Green didn’t stop running when the Washington Redskins selected him with the final pick in the first round of the 1983 draft. Or when he touched the ball for the first time in an NFL game: a 61-yard punt return for a touchdown against Atlanta in the preseason. Or when he gained instant celebrity status by chasing down Tony Dorsett on “Monday Night Football” in his first regular-season game.

Or when he tore cartilage in his ribs during a 52-yard punt return touchdown against Chicago in a 1987 playoff game. (Check the replay: The man is carrying the ball in one hand and trying to hold his rib cage in place with the other.) Or when he won the “NFL’s Fastest Man” competition four times. Or when he was clocked at 4.3 seconds in the 40-yard dash at age 37. Or when made any of his club-record 54 career interceptions.

Even when he retired in 2002, he stayed on the field for 55 minutes after his final game, greeting fans in a Cal Ripken-like victory lap. At age 42, he was ending his career as the NFL’s oldest cornerback ever.

And he still didn’t stop. There have been business ventures, his Youth Life Foundation for children, his church, and honors received, such as “Darrell Green Boulevard” that runs near a new golf course in which he is a partner.

And, of course, the Pro Football Hall of Fame. The 5-foot-8 guy will be there Saturday, inducted in his first year of eligibility.

“The Hall of Fame is not a goal, it’s a byproduct of an effort,” Green said in an interview with The Associated Press. “There’s no magic to it. I’m not that complicated. As fascinating as the Hall of Fame is to the fans, the kids, it’s fascinating to me. I’m like a spectator in the stands: ‘You’re kidding me? This is awesome.’

“My Hall of Fame honor is better than everybody else’s Hall of Fame honor. It’s way beyond the field.”

On the field, Green played on two Super Bowl championship teams and earned seven trips to the Pro Bowl, the last at age 37. He was a starter until age 40 and a regular on defense until the final weeks of his career. He never tried to shop himself in free agency and became, along with Jackie Slater, one of two players in NFL history to play with one team for 20 seasons. He embraced the notion that athletes should be role models and once apologized for a very mild touchdown celebration.

Oh, he was fast, too. But, then again, that’s just his personality.

“I met my wife, and within six months we got engaged,” Green said. “I’ve just always been a guy who has a quick discernment on something. Even in business. I’ve always been fast. I’m fast in the things that I try to focus on, but I also have a stick-to-it-ness.”

Of course, speed isn’t everything, although it threatened to define Green’s game for a while. Everyone remembers that he chased down Dorsett, but Green remembers the Redskins lost that game to the Dallas Cowboys.

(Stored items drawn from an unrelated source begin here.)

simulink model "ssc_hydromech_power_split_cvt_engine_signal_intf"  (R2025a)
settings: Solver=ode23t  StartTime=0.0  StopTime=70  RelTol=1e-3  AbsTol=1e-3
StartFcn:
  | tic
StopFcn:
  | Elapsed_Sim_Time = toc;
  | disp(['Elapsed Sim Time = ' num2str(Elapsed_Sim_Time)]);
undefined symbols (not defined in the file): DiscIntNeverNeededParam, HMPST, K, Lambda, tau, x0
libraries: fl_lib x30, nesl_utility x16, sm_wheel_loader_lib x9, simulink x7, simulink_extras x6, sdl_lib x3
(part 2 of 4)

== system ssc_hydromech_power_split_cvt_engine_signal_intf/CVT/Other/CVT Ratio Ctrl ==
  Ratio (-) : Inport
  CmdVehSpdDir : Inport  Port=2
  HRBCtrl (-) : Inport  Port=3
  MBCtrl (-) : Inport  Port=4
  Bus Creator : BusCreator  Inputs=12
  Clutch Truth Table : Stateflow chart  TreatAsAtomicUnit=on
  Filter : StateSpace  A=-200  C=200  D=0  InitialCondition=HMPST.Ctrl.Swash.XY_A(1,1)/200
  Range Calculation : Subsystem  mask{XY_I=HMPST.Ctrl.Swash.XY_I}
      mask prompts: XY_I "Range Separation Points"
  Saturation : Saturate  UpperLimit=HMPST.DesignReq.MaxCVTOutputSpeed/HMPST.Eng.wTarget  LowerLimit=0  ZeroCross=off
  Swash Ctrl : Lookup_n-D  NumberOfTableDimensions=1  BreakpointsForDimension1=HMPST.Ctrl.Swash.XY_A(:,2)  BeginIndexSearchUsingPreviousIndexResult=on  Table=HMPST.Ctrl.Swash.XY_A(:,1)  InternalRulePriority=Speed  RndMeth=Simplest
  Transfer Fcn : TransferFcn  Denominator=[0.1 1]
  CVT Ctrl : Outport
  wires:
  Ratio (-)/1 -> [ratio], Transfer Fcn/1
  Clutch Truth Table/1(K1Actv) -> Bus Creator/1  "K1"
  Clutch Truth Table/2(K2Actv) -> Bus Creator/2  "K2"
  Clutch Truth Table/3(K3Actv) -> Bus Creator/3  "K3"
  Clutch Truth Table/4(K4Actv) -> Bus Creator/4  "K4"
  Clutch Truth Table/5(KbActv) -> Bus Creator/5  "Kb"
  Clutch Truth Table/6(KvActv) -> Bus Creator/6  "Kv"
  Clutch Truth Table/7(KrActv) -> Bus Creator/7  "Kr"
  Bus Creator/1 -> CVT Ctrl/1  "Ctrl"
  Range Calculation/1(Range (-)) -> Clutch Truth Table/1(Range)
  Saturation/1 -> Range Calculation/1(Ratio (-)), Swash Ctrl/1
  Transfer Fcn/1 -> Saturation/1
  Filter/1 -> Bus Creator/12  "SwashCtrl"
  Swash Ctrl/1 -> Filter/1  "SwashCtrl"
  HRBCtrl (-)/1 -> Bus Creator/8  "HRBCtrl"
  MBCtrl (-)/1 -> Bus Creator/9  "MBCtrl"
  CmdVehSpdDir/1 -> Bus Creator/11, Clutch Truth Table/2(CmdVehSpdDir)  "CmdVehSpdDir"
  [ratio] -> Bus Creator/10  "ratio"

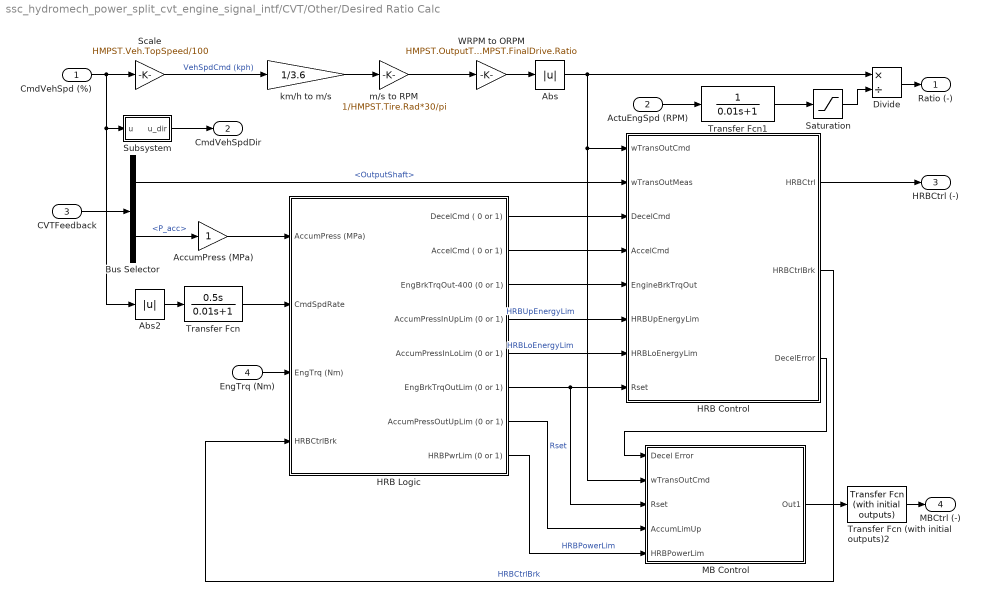
== system ssc_hydromech_power_split_cvt_engine_signal_intf/CVT/Other/Desired Ratio Calc ==
  CmdVehSpd (%) : Inport  SampleTime=HMPST.Simu.TimeStep
  ActuEngSpd (RPM) : Inport  Port=2
  CVTFeedback : Inport  Port=3
  EngTrq (Nm) : Inport  Port=4
  Abs : Abs  ZeroCross=off  SaturateOnIntegerOverflow=off
  Abs2 : Abs  ZeroCross=off  SaturateOnIntegerOverflow=off
  AccumPress (MPa) : Gain
  Bus Selector : BusSelector  OutputSignals=OutputShaft,P_acc
  Divide : Product  Inputs=*/
  HRB Control : Subsystem
  HRB Logic : Subsystem
  MB Control : Subsystem
  Saturation : Saturate  UpperLimit=2500  LowerLimit=0.5
  Scale : Gain  Gain=HMPST.Veh.TopSpeed/100
  Subsystem : Subsystem
  Transfer Fcn : TransferFcn  Numerator=[0.5 0]  Denominator=[0.01 1]
  Transfer Fcn (with initial outputs)2 : simulink_extras/Additional Linear/Transfer Fcn (with initial outputs)  N=1  D=[0.05 1]  Y0=1  U0=1
  Transfer Fcn1 : TransferFcn  Denominator=[0.01 1]
  WRPM to ORPM : Gain  Gain=HMPST.OutputTransferGearPair.Ratio*HMPST.Differential.Ratio*HMPST.FinalDrive.Ratio
  km/h to m/s : Gain  Gain=1/3.6
  m/s to RPM : Gain  Gain=1/HMPST.Tire.Rad*30/pi
  Ratio (-) : Outport
  CmdVehSpdDir : Outport  Port=2
  HRBCtrl (-) : Outport  Port=3
  MBCtrl (-) : Outport  Port=4
  wires:
  MB Control/1(Out1) -> Transfer Fcn (with initial outputs)2/1
  HRB Logic/8(HRBPwrLim (0 or 1)) -> MB Control/5(HRBPowerLim)  "HRBPowerLim"
  HRB Logic/7(AccumPressOutUpLim (0 or 1)) -> MB Control/4(AccumLimUp)
  HRB Control/3(DecelError) -> MB Control/1(Decel Error)
  HRB Control/1(HRBCtrl) -> HRBCtrl (-)/1
  HRB Logic/3(EngBrkTrqOut-400 (0 or 1)) -> HRB Control/5(EngineBrkTrqOut)
  HRB Logic/2(AccelCmd ( 0 or 1)) -> HRB Control/4(AccelCmd)
  HRB Logic/5(AccumPressInLoLim (0 or 1)) -> HRB Control/7(HRBLoEnergyLim)  "HRBLoEnergyLim"
  HRB Logic/4(AccumPressInUpLim (0 or 1)) -> HRB Control/6(HRBUpEnergyLim)  "HRBUpEnergyLim"
  HRB Logic/1(DecelCmd ( 0 or 1)) -> HRB Control/3(DecelCmd)
  Divide/1 -> Ratio (-)/1
  ActuEngSpd (RPM)/1 -> Transfer Fcn1/1
  m/s to RPM/1 -> WRPM to ORPM/1
  km/h to m/s/1 -> m/s to RPM/1
  WRPM to ORPM/1 -> Abs/1
  CmdVehSpd (%)/1 -> Abs2/1, Subsystem/1(u), Scale/1
  Saturation/1 -> Divide/2
  Transfer Fcn1/1 -> Saturation/1
  Bus Selector/1 -> HRB Control/2(wTransOutMeas)  "<OutputShaft>"
  Transfer Fcn/1 -> HRB Logic/2(CmdSpdRate)
  CVTFeedback/1 -> Bus Selector/1
  HRB Logic/6(EngBrkTrqOutLim (0 or 1)) -> MB Control/3(Rset), HRB Control/8(Rset)  "Rset"
  Bus Selector/2 -> AccumPress (MPa)/1  "<P_acc>"
  EngTrq (Nm)/1 -> HRB Logic/3(EngTrq (Nm))
  AccumPress (MPa)/1 -> HRB Logic/1(AccumPress (MPa))
  Subsystem/1(u_dir) -> CmdVehSpdDir/1
  Scale/1 -> km/h to m/s/1  "VehSpdCmd (kph)"
  Abs2/1 -> Transfer Fcn/1
  Abs/1 -> Divide/1, MB Control/2(wTransOutCmd), HRB Control/1(wTransOutCmd)
  Transfer Fcn (with initial outputs)2/1 -> MBCtrl (-)/1
  HRB Control/2(HRBCtrlBrk) -> HRB Logic/4(HRBCtrlBrk)  "HRBCtrlBrk"

== system ssc_hydromech_power_split_cvt_engine_signal_intf/CVT/Other/Port 1 Interface Engine ==
  speed : Inport
  Ideal Rotational Motion Sensor1 : fl_lib/Mechanical/Mechanical Sensors/Ideal Rotational Motion Sensor  reference=foundation.enum.MeasurementReference.difference  acceleration_port=false  velocity_port=true  position_port=true  wrap_angle=simscape.enum.onoff.off  offset=0 rad
  Interface : Subsystem  Variant=on  VariantControlMode=label  VariantControl=Variant1  LabelModeActiveChoice=Continuous
      settings: PortSchema="{\"entries\":[{\"content\":{\"sides\":[{\"content\":{\"connectorIds\":[\"In1\",\"Out2\"]},\"type\":\"ConnectorPlacement.EquallySpacedRectSide\",\"uuid\":\"aa56821c-7799-44e3-b228-553c5b43a68d\"},{\"content\":{\"connectorIds\":[\"In2\",\"Out1\"],\"side\":\"RIGHT\"},\"type\":\"ConnectorPlacement.EquallySpacedRectSide\",\"uuid\":\"8658dee5-55e2-4f33-bdec-e6600ce27fc1\"},{\"content\":{\"connectorIds\":[],\"side\":\"TOP\"},\"type\":\"ConnectorPlacement.EquallySpacedRectSide\",\"uuid\":\"2effe9c6-8e61-4f0c-a39b-329d9ffc707d\"}]},\"type\":\"ConnectorPlacement.EquallySpacedConnector\",\"uuid\":\"c8fc8444-dfc7-49a5-9550-b957635f7d8f\"}],\"packageUris\":[\"http://schema.mathworks.com/mf0/Connector/R2020b\"],\"version\":\"1.0\"}"
  Mechanical Rotational Reference2 : fl_lib/Mechanical/Rotational Elements/Mechanical Rotational Reference
  Mechanical Rotational Reference3 : fl_lib/Mechanical/Rotational Elements/Mechanical Rotational Reference
  T1 : nesl_utility/Simulink-PS Converter  PhysicalDomain=network_engine_domain  SubClassName=ps_input  LeftPortType=input  RightPortType=output  PseudoPeriodic=off  Frequencies=[]  NoiseDistribution=none  NoiseParameters=[]  Unit=N*m  AffineConversion=off  FilteringAndDerivatives=zero  SimscapeFilterOrder=1  InputFilterTimeConstant=0.001  UdotUserProvided=1
  Tau1 : fl_lib/Mechanical/Mechanical Sources/Ideal Torque Source
  w1 : nesl_utility/PS-Simulink Converter  PhysicalDomain=network_engine_domain  SubClassName=ps_output  LeftPortType=input  RightPortType=output  PseudoPeriodic=off  Frequencies=[]  VectorFormat=1-D array  Unit=rad/s  AffineConversion=off
  1 : PMIOPort  Side=Left
  torque : Outport
  wires:
  speed/1 -> Interface/2(across2)
  Interface/2(through1) -> T1/1
  w1/1 -> Interface/1(across1)
  Interface/1(through2) -> torque/1
  connections:
  1/RConn1 -- Ideal Rotational Motion Sensor1/LConn1 -- Tau1/RConn2
  Mechanical Rotational Reference2/LConn1 -- Ideal Rotational Motion Sensor1/RConn1
  Ideal Rotational Motion Sensor1/RConn2 -- w1/LConn1
  Mechanical Rotational Reference3/LConn1 -- Tau1/LConn1
  T1/RConn1 -- Tau1/RConn1

== system ssc_hydromech_power_split_cvt_engine_signal_intf/CVT/Other/Port 1 Interface Vehicle ==
  speed : Inport
  Ideal Rotational Motion Sensor1 : fl_lib/Mechanical/Mechanical Sensors/Ideal Rotational Motion Sensor  reference=foundation.enum.MeasurementReference.difference  acceleration_port=false  velocity_port=true  position_port=true  wrap_angle=simscape.enum.onoff.off  offset=0 rad
  Interface : Subsystem  Variant=on  VariantControlMode=label  VariantControl=Variant1  LabelModeActiveChoice=Continuous
      settings: PortSchema="{\"entries\":[{\"content\":{\"sides\":[{\"content\":{\"connectorIds\":[\"In1\",\"Out2\"]},\"type\":\"ConnectorPlacement.EquallySpacedRectSide\",\"uuid\":\"aa56821c-7799-44e3-b228-553c5b43a68d\"},{\"content\":{\"connectorIds\":[\"In2\",\"Out1\"],\"side\":\"RIGHT\"},\"type\":\"ConnectorPlacement.EquallySpacedRectSide\",\"uuid\":\"8658dee5-55e2-4f33-bdec-e6600ce27fc1\"},{\"content\":{\"connectorIds\":[],\"side\":\"TOP\"},\"type\":\"ConnectorPlacement.EquallySpacedRectSide\",\"uuid\":\"2effe9c6-8e61-4f0c-a39b-329d9ffc707d\"}]},\"type\":\"ConnectorPlacement.EquallySpacedConnector\",\"uuid\":\"c8fc8444-dfc7-49a5-9550-b957635f7d8f\"}],\"packageUris\":[\"http://schema.mathworks.com/mf0/Connector/R2020b\"],\"version\":\"1.0\"}"
  Mechanical Rotational Reference2 : fl_lib/Mechanical/Rotational Elements/Mechanical Rotational Reference
  Mechanical Rotational Reference3 : fl_lib/Mechanical/Rotational Elements/Mechanical Rotational Reference
  T1 : nesl_utility/Simulink-PS Converter  PhysicalDomain=network_engine_domain  SubClassName=ps_input  LeftPortType=input  RightPortType=output  PseudoPeriodic=off  Frequencies=[]  NoiseDistribution=none  NoiseParameters=[]  Unit=N*m  AffineConversion=off  FilteringAndDerivatives=zero  SimscapeFilterOrder=1  InputFilterTimeConstant=0.001  UdotUserProvided=1
  Tau1 : fl_lib/Mechanical/Mechanical Sources/Ideal Torque Source
  w1 : nesl_utility/PS-Simulink Converter  PhysicalDomain=network_engine_domain  SubClassName=ps_output  LeftPortType=input  RightPortType=output  PseudoPeriodic=off  Frequencies=[]  VectorFormat=1-D array  Unit=rad/s  AffineConversion=off
  1 : PMIOPort  Side=Left
  torque : Outport
  wires:
  speed/1 -> Interface/2(across2)
  Interface/2(through1) -> T1/1
  w1/1 -> Interface/1(across1)
  Interface/1(through2) -> torque/1
  connections:
  1/RConn1 -- Ideal Rotational Motion Sensor1/LConn1 -- Tau1/RConn2
  Mechanical Rotational Reference2/LConn1 -- Ideal Rotational Motion Sensor1/RConn1
  Ideal Rotational Motion Sensor1/RConn2 -- w1/LConn1
  Mechanical Rotational Reference3/LConn1 -- Tau1/LConn1
  T1/RConn1 -- Tau1/RConn1

== system ssc_hydromech_power_split_cvt_engine_signal_intf/CVT/Other/Power Sensor1 Engine Out ==
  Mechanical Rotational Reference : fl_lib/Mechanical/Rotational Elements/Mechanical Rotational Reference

“A guy just ran the ball 40 or 50 yards on us, and then we end up losing the game,” Green said. “Where, in my seat where I’m sitting, do I call that great? In retrospect, it was a great play—wow—because it was Tony Dorsett, but the two-edged sword is ‘Wow, this guy can run fast.’ And I spent the majority of my first five years just being known as a guy who can run fast. The reality is I can cover.”

Green these days is typing as fast as he can, trying to finish his autobiography. As he reflected on the childhood story of the man who chased him at the bus stop, two thoughts came to his mind.

“He didn’t know he was chasing the future fastest man in the NFL,” Green said with a sly smile.

And the second?

“Why didn’t I tell my parents?”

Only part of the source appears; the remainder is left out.